Path: utzoo!utgpu!jarvis.csri.toronto.edu!mailrus!iuvax!rutgers!gatech!hubcap!matloff%crow.Berkeley.EDU
From: matloff%crow.Berkeley.EDU@ucbvax.Berkeley.EDU (Norman Matloff)
Newsgroups: comp.parallel
Subject: Re: Distributed simulation
Message-ID: <5389@hubcap.clemson.edu>
Date: 3 May 89 11:53:00 GMT
Sender: fpst@hubcap.clemson.edu
Lines: 93
Approved: parallel@hubcap.clemson.edu

In article <5367@hubcap.clemson.edu> wagner@june.cs.washington.edu (Bullwinkle J. Moose) writes:
>In article <5319@hubcap.clemson.edu>, matloff@iris.ucdavis.edu (Norm Matloff) writes:

[I replied to Dave's article this morning, but apparently it never got
to the net, so I'm replying again.  The version here has been updated.]

*First of all, note that the steady-state of a stochastic process is
*represented not by a single value, but by a *distribution* of that value.

True, but if our aim is to reduce initialization bias, a single value
should work reasonably well.  See below.

*     [ In the following paragraph, Di is defined to be the delay experienced
*     by the ith customer to arrive at the server, and d is defined to be the
*     steady-state expected average delay, i.e. lim(n-->oo) (D1+D2+...+Dn)/n]

*    "Kelton and Law ["The Transient Behavior of the M/M/s Queue with
*     Implications for Steady-State Simulation", TR 82-7, Dept. of MIS,
*     U. of Arizona, 1982] computed E(Di) as a function of i and the number
*     in system at time 0, say, l [lower-case l, not 1] for various M/M/s
*     queues....
*     Let i(l,0.01) [be] the smallest point [value of i]
*     beyond which all values of E(Di) fall withing 1 percent of d,
*     viewed as a function of the initial number in the system, l.
*     Kelton and Law found for the M/M/1 queue with rho=0.9 that i(l,0.01)
*     [^^^^^^^^^^^^^^^^^^^^^^^^^^^^^^^^^^^^^^^^^^^^^^^^^^^^^^^^^^^^^^^^^^]
*     is minimized for l = 15.  This result is interesting since
*     [^^^^^^^^^^^^^^^^^^^^^^^^^^^^^^^^^^^^^^^^^^^^^^^^^^^^^^^^^]
*     the steady-state time-average number of customers in system is 9.
*     [^^^^^^^^^^^^^^^^^^^^^^^^^^^^^^^^^^^^^^^^^^^^^^^^^^^^^^^^^^^^^^^]
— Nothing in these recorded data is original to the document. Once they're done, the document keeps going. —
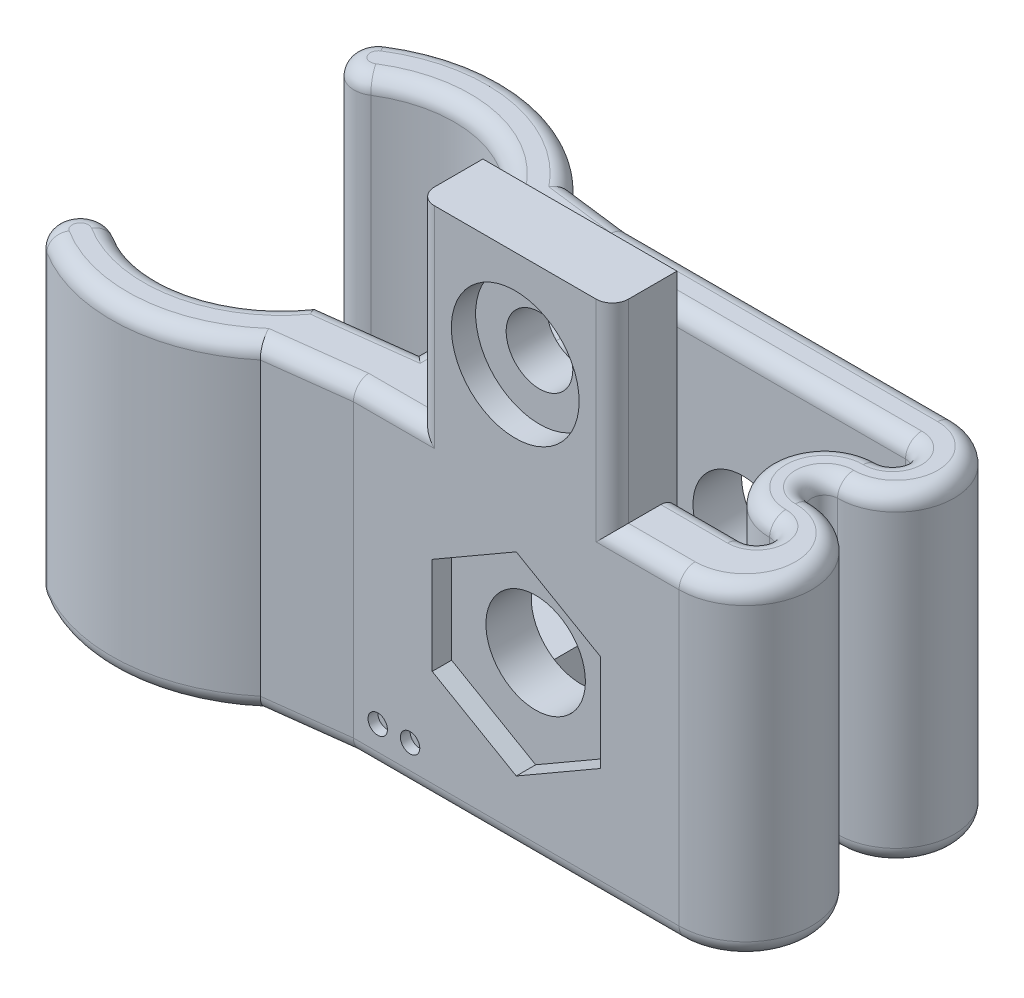
SolidWorks part; units mm, degrees
ref_plane "Front Plane" through (0, 0, 0) normal (0, 0, 1) x (1, 0, 0)
ref_plane "Top Plane" through (0, 0, 0) normal (0, 1, 0) x (1, 0, 0)
ref_plane "Right Plane" through (0, 0, 0) normal (1, 0, 0) x (0, 0, -1)
sketch "Sketch2" plane through (0, 0, 0) normal (0, 1, 0) x (1, 0, 0)
  line L0 (0, 0) -> (32, 0) construction
  line L1 (0, 0) -> (0, 1.6) construction
  line L2 (0, 0) -> (0, -1.6) construction
  line L3 (32, 0) -> (32, 5) construction
  line L4 (32, 0) -> (32, -5) construction
  line L5 (32, 5) -> (6, 5) construction
  line L6 (32, -5) -> (6, -5) construction
  line L7 (11.8739, 5) -> (32, 5)
  line L8 (11.8739, -5) -> (32, -5)
  line L9 (32, 8) -> (11.8739, 8)
  line L10 (32, -9) -> (11.8739, -9)
  line L11 (11.8739, 5) -> (6.2801, 5.7)
  line L12 (11.8739, 8) -> (7.919, 8.4949)
  line L13 (11.8739, -5) -> (6.2801, -5.7)
  line L14 (11.8739, -9) -> (6.7523, -9.6409)
  arc A0 (6.2801, 5.7) -> (-4, 7.9443) centre (0, 1.6) ccw
  arc A1 (6.2801, -5.7) -> (-4, -7.9443) centre (0, -1.6) cw
  arc A2 (32, 5) -> (32, 3.4) centre (32, 4.2) cw
  arc A3 (32, 3.4) -> (32, -3.4) centre (32, 0) ccw
  arc A4 (32, -3.4) -> (32, -5) centre (32, -4.2) cw
  arc A5 (-4, 7.9443) -> (-5.6, 10.482) centre (-4.8, 9.2131) cw
  arc A6 (-4, -7.9443) -> (-5.6, -10.482) centre (-4.8, -9.2131) ccw
  arc A7 (-5.6, 10.482) -> (7.919, 8.4949) centre (0, 1.6) cw
  arc A8 (-5.6, -10.482) -> (6.7523, -9.6409) centre (0, -1.6) ccw
  arc A9 (32, -9) -> (32, -0.8) centre (32, -4.9) ccw
  arc A10 (32, -0.8) -> (32, 0.8) centre (32, 0) cw
  arc A11 (32, 0.8) -> (32, 8) centre (32, 4.4) ccw
  dimension "D6" = 7.5
  dimension "D7" = 7.5
  dimension "D8" = 0.8
  dimension "D9" = 0.8
  dimension "D11" = 1.5
  dimension "D12" = 1.5
  dimension "D14" = 10.5
  dimension "D16" = 10.5
  dimension "D17" = 0.8
  dimension "D18" = 11.8739
  dimension "D1" = 1.6
  dimension "D2" = 1.6
  dimension "D3" = 32
  dimension "D4" = 5
  dimension "D5" = 5
  dimension "D10" = 4
  dimension "D13" = 3
  dimension "D15" = 4
  dimension "D19" = 0.7
extrude "Boss-Extrude1" add sketch "Sketch2" along normal blind 20
sketch "Sketch3" plane through (0, 0, -8) normal (0, 0, -1) x (-1, 0, 0)
  line L0 (-21.9369, 20) -> (-21.9369, 0) construction
  line L1 (-32, 20) -> (-11.8739, 20) construction
  line L2 (-32, 0) -> (-11.8739, 0) construction
  circle A0 centre (-21.9369, 10) radius 3.075
  dimension "D1" = 6.15
extrude "Cut-Extrude1" cut sketch "Sketch3" against normal through all
sketch "Sketch4" plane through (0, 0, 9) normal (0, 0, 1) x (1, 0, 0)
  line L0 (21.9369, 6.925) -> (21.9369, 13.075) construction
  line L2 (21.9369, 4) -> (27.1331, 7)
  line L3 (27.1331, 7) -> (27.1331, 13)
  line L4 (27.1331, 13) -> (21.9369, 16)
  line L5 (21.9369, 16) -> (16.7408, 13)
  line L6 (16.7408, 13) -> (16.7408, 7)
  line L7 (16.7408, 7) -> (21.9369, 4)
  circle A0 centre (21.9369, 10) radius 3.075 construction
  circle A1 centre (21.9369, 10) radius 6 construction
  dimension "D1" = 12
extrude "Cut-Extrude2" cut sketch "Sketch4" against normal blind 1.2
sketch "Sketch5" plane through (0, 20, 0) normal (0, 1, 0) x (1, 0, 0)
  line L0 (32, -5) -> (11.8739, -5) construction
  line L1 (27.8739, -9) -> (15.8739, -9)
  line L2 (27.8739, -9) -> (27.8739, -5)
  line L3 (27.8739, -5) -> (15.8739, -5)
  line L4 (15.8739, -9) -> (15.8739, -5)
  dimension "D1" = 12
  dimension "D2" = 4
extrude "Boss-Extrude2" add sketch "Sketch5" along normal blind 12
sketch "Sketch6" plane through (0, 0, 9) normal (0, 0, 1) x (1, 0, 0)
  line L0 (15.8739, 26) -> (27.8739, 26) construction
  line L1 (15.8739, 32) -> (15.8739, 20) construction
  line L2 (27.8739, 32) -> (27.8739, 20) construction
  circle A0 centre (21.8739, 26) radius 2.06
  dimension "D1" = 4.12
extrude "Cut-Extrude3" cut sketch "Sketch6" against normal through all
sketch "Sketch7" plane through (0, 0, 0) normal (0, -1, 0) x (1, 0, 0)
  line L0 (11.8739, 5) -> (11.8739, -1.8)
  line L1 (32, 5) -> (11.8739, 5) construction
  line L2 (16.8739, 5) -> (16.8739, -2.3)
  line L3 (11.8739, 5) -> (16.8739, 5)
  line L4 (11.8739, -1.8) -> (16.8739, -2.3)
  dimension "D1" = 11.8739
  dimension "D2" = 6.8
  dimension "D3" = 7.3
  dimension "D4" = 5
extrude "Boss-Extrude3" add sketch "Sketch7" against normal blind 4
extrude "Boss-Extrude4" add sketch "Sketch7<2>" against normal blind 4 from offset 16 offset against normal yes
sketch "Sketch7<2>" plane through (0, 0, 0) normal (0, -1, 0) x (1, 0, 0) same geometry as "Sketch7"
sketch "Sketch8" plane through (0, 0, 9) normal (0, 0, 1) x (1, 0, 0)
  circle A0 centre (21.8739, 26) radius 3.95
  dimension "D1" = 7.9
extrude "Cut-Extrude4" cut sketch "Sketch8" against normal blind 1.5
fillet "Fillet1" radius 1 23 edges at (28.6, 0, 0) (32.8, 0, 4.2) (24.4369, 0, 5) (16.8739, 0, 1.35) (14.3739, 0, -2.05) (11.8739, 0, 1.6) (1.5997, 0, 8.9274) (-6.0689, 0, 8.4131) (0.7133, 0, 12.0757) (21.9369, 0, 9) (36.1, 0, 4.9) (31.2, 0, 0) (35.6, 0, -4.4) (21.9369, 0, -8) (1.5269, 0, -11.9884) (-6.0689, 0, -8.4131) (1.5997, 0, -8.9274) (21.9369, 0, -5) (32.8, 0, -4.2) (9.8964, 0, -8.2475) (9.077, 0, -5.35) (9.077, 0, 5.35) (9.3131, 0, 9.3205)
fillet "Fillet7" radius 1 2 edges
fillet "Fillet10" radius 1 15 edges at (21.9369, 20, -8) (35.6, 20, -4.4) (31.2, 20, 0) (36.1, 20, 4.9) (32.8, 20, 4.2) (28.6, 20, 0) (32.8, 20, -4.2) (21.9369, 20, -5) (9.077, 20, -5.35) (1.5997, 20, -8.9274) (-6.0689, 20, -8.4131) (1.5269, 20, -11.9884) (9.8964, 20, -8.2475)
fillet "Fillet11" radius 1 9 edges at (9.3131, 20, 9.3205) (0.7133, 20, 12.0757) (-6.0689, 20, 8.4131) (1.5997, 20, 8.9274) (9.077, 20, 5.35) (16.8739, 20, 1.35) (14.3739, 20, -2.05) (11.8739, 20, 1.6)
sketch "Sketch9" plane through (0, 0, 9) normal (0, 0, 1) x (1, 0, 0)
  line L0 (11.8739, 1) -> (32, 1) construction
  line L1 (11.8739, 19) -> (11.8739, 1) construction
  circle A0 centre (13.3739, 2.5) radius 0.6
  circle A1 centre (15.3739, 2.5) radius 0.6
  dimension "D1" = 1.2
  dimension "D4" = 1.2
  dimension "D2" = 1.5
  dimension "D3" = 1.5
  dimension "D5" = 2
extrude "Cut-Extrude5" cut sketch "Sketch9" against normal blind 0.6

Yes, 9 is fairly different from 15.  However, it doesn't make much
difference in initialization bias.  In Law's graph, the l = 10 and 
l = 15 lines (there is none for l = 9) give about the same sized
initialization bias.  In other words, just a "ballpark" value is
probably good enough to reduce the bias to acceptable scale.

>> Or, better yet, in systems which have regeneration points and don't
>> have huge (in the notation from my posting yesterday, >> T/P)
>> regeneration cycle times, one can simply start each replicate at
>> the regeneration point  --  thus no initialization bias at all.

*True, the method of regeneration theoretically does not suffer from the
*initialization bias problem.  But "theoretically" is the key word here,
*because unless what you are simulating is truly a regenerative process,
*your regeneration points are only approximate.  

Again, I think an approximate regeneration point is good enough for
practical purposes.

>> Of course, you do run into the problem you mentioned, i.e. the
>> problem of "waiting for the slowest one," which gave you your
>> P/log P figure.  However, analogous kinds of problem should plague
>> the task-partitioning approach too, e.g. as P increases, the
>> problem of idle time should get worse and worse.

*But, since the number of replications being run when intra-replication
*parallelism is used in less than P, the magnitude of the effect is smaller.

I think we're talking about different things here.  What I am talking
about occurs even if there is no replication.  What I am saying is that
due to interprocess dependencies, there will be process waiting involved,
and that this should in many applications have a log P growth rate, just
as in the replication case, even though for different reasons.

>> The task-partitioning approach also has a scaling problem.  For
>> a fixed application, say a 10-server queue, there will be a very
>> small limit on the usable value of P.  After a certain point,
>> you just can't find anything for the processors to do.

*Definitely true, which is why the best approach for a large number of
*processors is probably a combination of inter- and intra- replication
*parallelism.

This may well turn out to be the case.  But I still feel that this has
not been looked at sufficiently.  Your work sounds excellent, but you
yourself indicated that it's the only work to be done since Heidleberger's,
which itself was just a preliminary investigation.

>> In most simulations of queueing systems in practice, memory should not
>> be a problem.  The length of the event list should be on the order of 
>> magnitude of the number of servers, which is generally not large.

*Depends on what is being simulated.  I have friends at Bellcore who were
*simulating a metropolitan trunk network in which the steady-state size of
*the event list was about 15 THOUSAND events.

I heard John Comfort give a talk once in which he mentioned hearing of
some application in which the typical size of the event list was
100,000 events.  That's why I qualified my statement above by using
the word "most." :-)

   Norm